In the present study, most patients presented minor facial dysmorphisms and/or extracranial anomalies. Apart from the six patients with Aicardi syndrome, one patient was diagnosed with craniofrontonasal syndrome due to a frameshift EFNB1 mutation, and two other cases presented clinical features consistent with a complex phenotype. Overall, karyotype and array-CGH studies were mostly negative (91.3%) or showed copy number variants (CNVs) of unknown significance. Craniofrontonasal syndrome (MIM 304,110) is an X-linked disorder due to mutation in ephrin-B1 gene (EFNB1), characterized paradoxically by a more severe phenotype in heterozygous females than in hemizygous males. EFNB1 encodes a transmembrane ligand for Eph receptor tyrosine kinases that is crucial for cell adhesion and axon guidance during CNS development [47]. Heterozygous females have craniofrontonasal dysplasia and possible extracranial manifestations including midline defects and skeletal abnormalities, whereas hemizygous males usually show mild features such as hypertelorism and cleft lip or palate. Interestingly, while ACC has been described in craniofrontonasal syndrome, interhemispheric cysts have never been reported before.

While abnormal neuronal migration, axonal guidance, cell division, and patterning during early CNS development are common pathomechanism among syndromic cases of interhemispheric cysts/ACC, the etiology of the non-syndromic cases, that are the majority, remains unknown.

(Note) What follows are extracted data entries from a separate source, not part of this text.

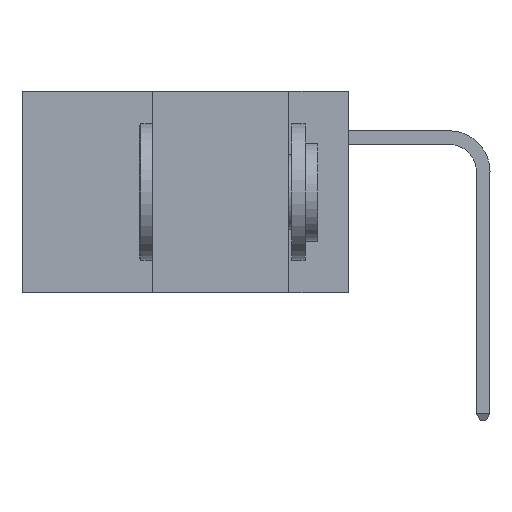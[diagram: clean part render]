
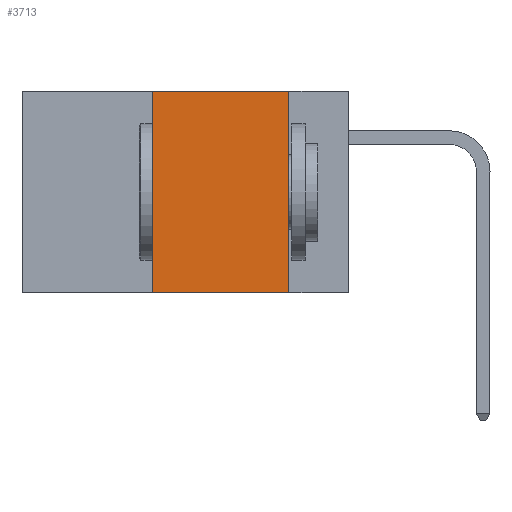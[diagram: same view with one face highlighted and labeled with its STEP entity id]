
A CAD part, left-side view. The second image highlights one B-rep face of the part: STEP entity #3713.
In plain terms, the highlighted planar face has unit normal (-1, 0, 0).
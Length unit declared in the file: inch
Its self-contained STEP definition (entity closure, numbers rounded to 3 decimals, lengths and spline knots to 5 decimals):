
#1880 = VECTOR ( 'NONE', #11407, 39.37008 ) ;
#1990 = ORIENTED_EDGE ( 'NONE', *, *, #7714, .F. ) ;
#2923 = CARTESIAN_POINT ( 'NONE',  ( 0., 0.6, -0.37 ) ) ;
#3225 = CARTESIAN_POINT ( 'NONE',  ( 0., 0.36, 0. ) ) ;
#3713 = ADVANCED_FACE ( 'NONE', ( #19480 ), #5772, .F. ) ;
#4470 = VECTOR ( 'NONE', #5953, 39.37008 ) ;
#4486 = AXIS2_PLACEMENT_3D ( 'NONE', #5864, #9994, #24592 ) ;
#4564 = VECTOR ( 'NONE', #12486, 39.37008 ) ;
#4970 = ORIENTED_EDGE ( 'NONE', *, *, #9405, .F. ) ;
#5772 = PLANE ( 'NONE',  #4486 ) ;
#5864 = CARTESIAN_POINT ( 'NONE',  ( 0., 0.6, 0. ) ) ;
#5953 = DIRECTION ( 'NONE',  ( 0., -1., 0. ) ) ;
#7714 = EDGE_CURVE ( 'NONE', #9840, #25789, #10030, .T. ) ;
#9111 = EDGE_CURVE ( 'NONE', #23789, #25789, #12922, .T. ) ;
#9405 = EDGE_CURVE ( 'NONE', #22830, #9840, #10587, .T. ) ;
#9840 = VERTEX_POINT ( 'NONE', #23133 ) ;
#9934 = CARTESIAN_POINT ( 'NONE',  ( 0., 0.11, -0.37 ) ) ;
#9994 = DIRECTION ( 'NONE',  ( 1., 0., 0. ) ) ;
#10030 = LINE ( 'NONE', #18814, #4564 ) ;
#10587 = LINE ( 'NONE', #24596, #4470 ) ;
#11407 = DIRECTION ( 'NONE',  ( 0., 0., 1. ) ) ;
#12368 = ORIENTED_EDGE ( 'NONE', *, *, #23129, .F. ) ;
#12486 = DIRECTION ( 'NONE',  ( 0., 0., -1. ) ) ;
#12922 = LINE ( 'NONE', #2923, #17823 ) ;
#13606 = CARTESIAN_POINT ( 'NONE',  ( 0., 0.36, -0.37 ) ) ;
#13713 = ORIENTED_EDGE ( 'NONE', *, *, #9111, .T. ) ;
#16678 = CARTESIAN_POINT ( 'NONE',  ( 0., 0.36, 0. ) ) ;
#17823 = VECTOR ( 'NONE', #21666, 39.37008 ) ;
#18498 = LINE ( 'NONE', #3225, #1880 ) ;
#18814 = CARTESIAN_POINT ( 'NONE',  ( 0., 0.11, 0. ) ) ;
#19480 = FACE_OUTER_BOUND ( 'NONE', #21546, .T. ) ;
#21546 = EDGE_LOOP ( 'NONE', ( #1990, #4970, #12368, #13713 ) ) ;
#21666 = DIRECTION ( 'NONE',  ( 0., -1., 0. ) ) ;
#22830 = VERTEX_POINT ( 'NONE', #16678 ) ;
#23129 = EDGE_CURVE ( 'NONE', #23789, #22830, #18498, .T. ) ;
#23133 = CARTESIAN_POINT ( 'NONE',  ( 0., 0.11, 0. ) ) ;
#23789 = VERTEX_POINT ( 'NONE', #13606 ) ;
#24592 = DIRECTION ( 'NONE',  ( 0., 0., -1. ) ) ;
#24596 = CARTESIAN_POINT ( 'NONE',  ( 0., 0.6, 0. ) ) ;
#25789 = VERTEX_POINT ( 'NONE', #9934 ) ;

Nowadays, it is still controversial whether the constellation of associated features seen in the ACC-interhemispheric cyst spectrum are a consequence of a primary meningeal defect that prevents commissuration and proper development of other midline structures or, rather, an epiphenomenon of a complex (acquired or genetic) defect during early development. Indeed, while noncommunicating interhemispheric cysts (often multiloculated) have been considered as extra-axial cysts due to defects of the arachnoid/neuroepithelial membrane, communicating cysts are thought to be an expansion of the diencephalic roof plate, with possible associated anterior commissure defects when falx celebri development is impaired. Accordingly, the roof of the third ventricle is displaced inferiorly and superiorly in the noncommunicating and communicating cysts, respectively [48]. However, these embryological speculations are based on a dated classification that needs to be revisited, integrating novel neuroradiogical, histopathological, and genetic data.

Limitations

This study has several limits, including the relatively small number of cases and the retrospective design. Moreover, the correlation with the 2001 Barkovich classification scheme was partial since patients with 1a and 1b cysts were not included. Finally, genetic testing with array-CGH and WES was not performed in all cases, thus limiting the possibility of genotype–phenotype correlations. Future prospective studies on larger cohort of prenatally diagnosed patients with ACC, interhemispheric cysts, and MCD are awaited to clarify the natural history and neurological outcome of this rare malformative condition.

Conclusions

Despite the underlined limitations, the strength of our study is principally related to the amount of detailed clinical, neuroradiological, and electrophysiological information. Moreover, the long-term follow-up in this population has allowed us to pinpoint some clinical relevant aspects. In particular, our findings and data from the literature indicate that, once Aicardi syndrome and other rare genetic conditions have been ruled out, ACC with intehemispheric cysts may be associated with a favorable neurological outcome with borderline or normal cognition and no major neurological signs in the majority of patients. Despite the presence of EEG abnormalities, the occurrence of epilepsy in these cases is low and usually responsive to antiepileptic drugs. A careful neuroradiologic assessment is pivotal pre- and postnatally as well as after surgery to detect associated MCD that, when multilobar and/or bilateral, may influence the neurological and epileptic phenotype. Finally, current neuroimaging classification schemes must be implemented, stratifying patients also according to clinical and genetic data, thus prompting a multidisciplinary approach to these rare malformations.